U.S. Sanctions Target Iranian Cryptocurrency Transactions
On September 16, 2025, the U.S. government imposed sanctions on two Iranian financiers, Alireza Derakhshan and Arash Estaki Alivand, along with over a dozen individuals and companies based in Hong Kong and the UAE. These entities are accused of processing over $100 million in cryptocurrency derived from Iranian oil sales, channeling the funds to Iran’s government and military through front companies and shadow banking networks. The U.S. Treasury invoked a Trump-era executive order aiming to reduce Iran’s oil exports to zero and prevent its acquisition of nuclear weapons. The sanctions block access to U.S. assets and prohibit American entities from business dealings with those involved. This move is part of broader efforts to counter Iran’s use of cryptocurrency to bypass international sanctions. According to Chainalysis, sanctioned parties like Iran received $15.8 billion in crypto in 2024, amounting to 39% of all illicit crypto transactions. The sanctions also follow actions by France, Britain, and Germany to reimpose UN penalties due to Iran’s violations of the 2015 nuclear deal. Efforts to renegotiate the deal stalled after recent military confrontations involving Israel and the U.S.

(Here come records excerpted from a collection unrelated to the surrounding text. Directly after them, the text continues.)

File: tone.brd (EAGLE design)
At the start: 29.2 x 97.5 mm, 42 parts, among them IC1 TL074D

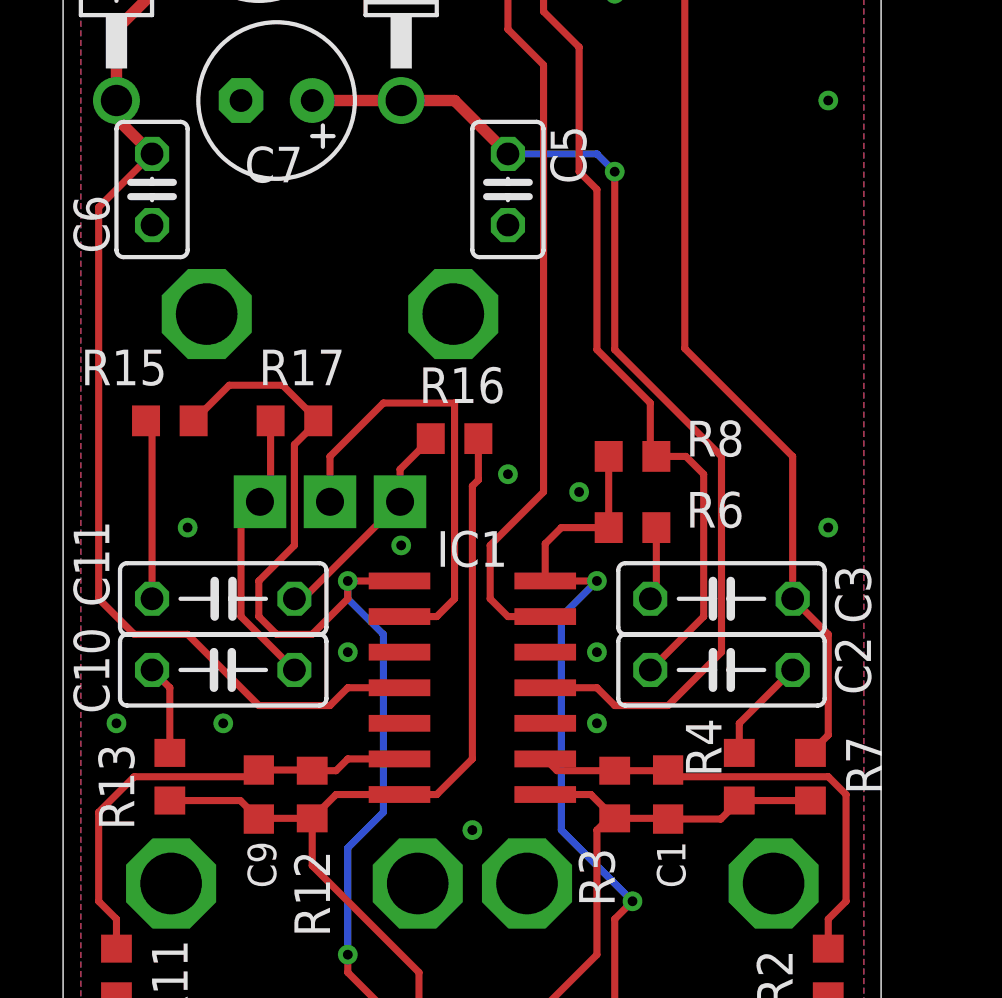
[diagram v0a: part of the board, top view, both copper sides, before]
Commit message: Rotated & rerouted a few resistors. Simpler to solder board if all are in one direction. Added type label & pin 1 indicator for IC1.
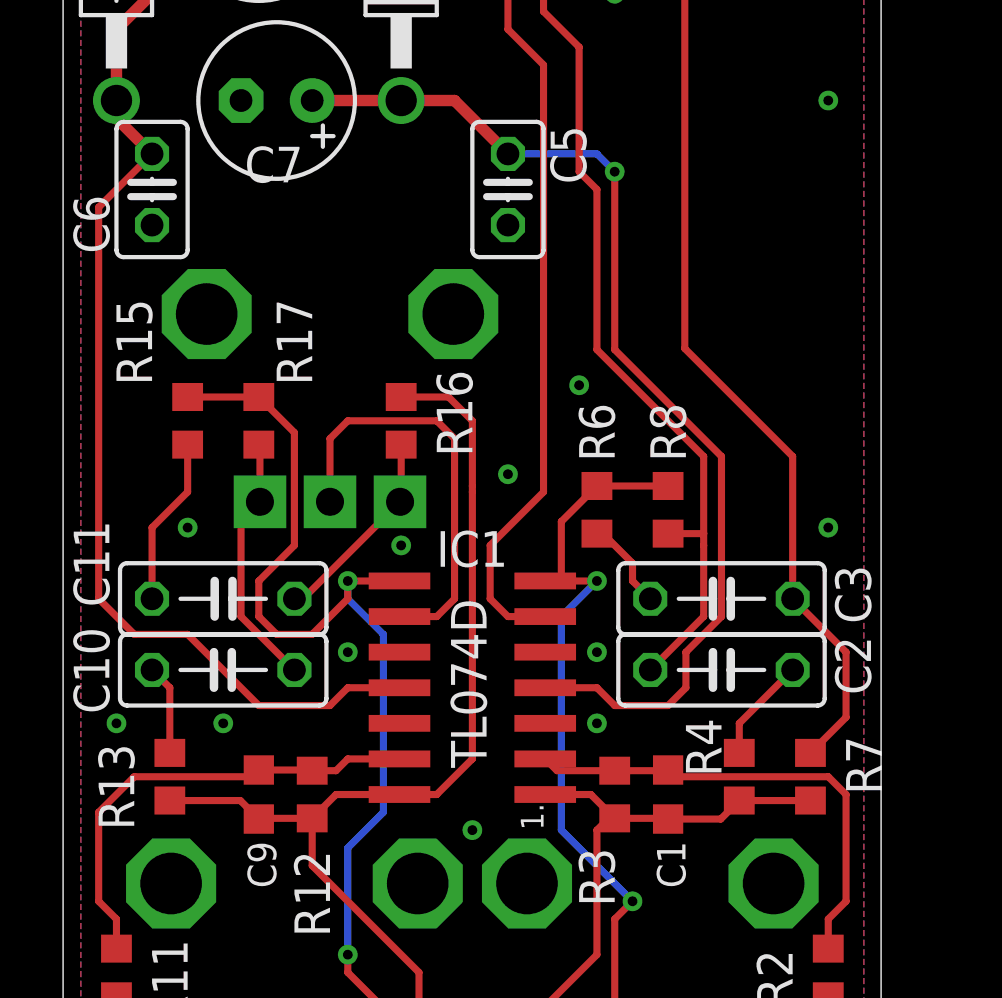
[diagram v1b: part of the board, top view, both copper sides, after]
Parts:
- moved R8 2.29 mm to (22.2, 59.1), turned to 90 degrees
- moved R16 2.01 mm to (12.7, 62.2), turned to 270 degrees
- moved R6 1.42 mm to (19.7, 59.1), turned to 90 degrees
- moved R17 1.27 mm to (7.62, 62.2), turned to 90 degrees
- moved R15 0.63 mm to (5.08, 62.2), turned to 90 degrees
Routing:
- net N$20: track 52.3 -> 55.8 mm
- net N$25: track 70.4 -> 68.4 mm
- net N$22: track 10.1 -> 9.13 mm
- net N$31: track 16.1 -> 15.2 mm
- net N$23: track 7.91 -> 7.26 mm
- net N$4: track 30.2 -> 30.8 mm
- net N$6: track 2.63 -> 3.24 mm
- net N$5: track 31.7 -> 32.2 mm
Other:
- board text added: "1."

UK and US Enhance Cooperation on Cryptocurrency Regulation
The UK and US are poised to announce enhanced cooperation on cryptocurrencies and other digital assets, reflecting a transatlantic alignment spurred by the US’s embrace of the industry under President Donald Trump. This development follows a meeting between UK Chancellor Rachel Reeves and US Treasury Secretary Scott Bessent, attended by key crypto firms like Coinbase, Circle, and Ripple, alongside major banks. The initiative aims to align regulatory frameworks, particularly on stablecoins, and improve UK companies’ access to US financial markets to attract more American investment. The move comes amid growing concern over UK-based companies shifting listings to US exchanges for better valuations and amid fears the UK is lagging in crypto innovation due to regulatory caution. Talks have underscored the importance of digital asset regulations and could lead to the joint creation of digital securities sandboxes, enabling cross-border blockchain testing. This push marks a major shift in the UK’s strategic approach to digital finance, aimed at maintaining global competitiveness and reducing barriers for UK firms in the crypto sector. Former Chancellor George Osborne also voiced strong support for these reforms, stressing the need for the UK to catch up with the US in this domain.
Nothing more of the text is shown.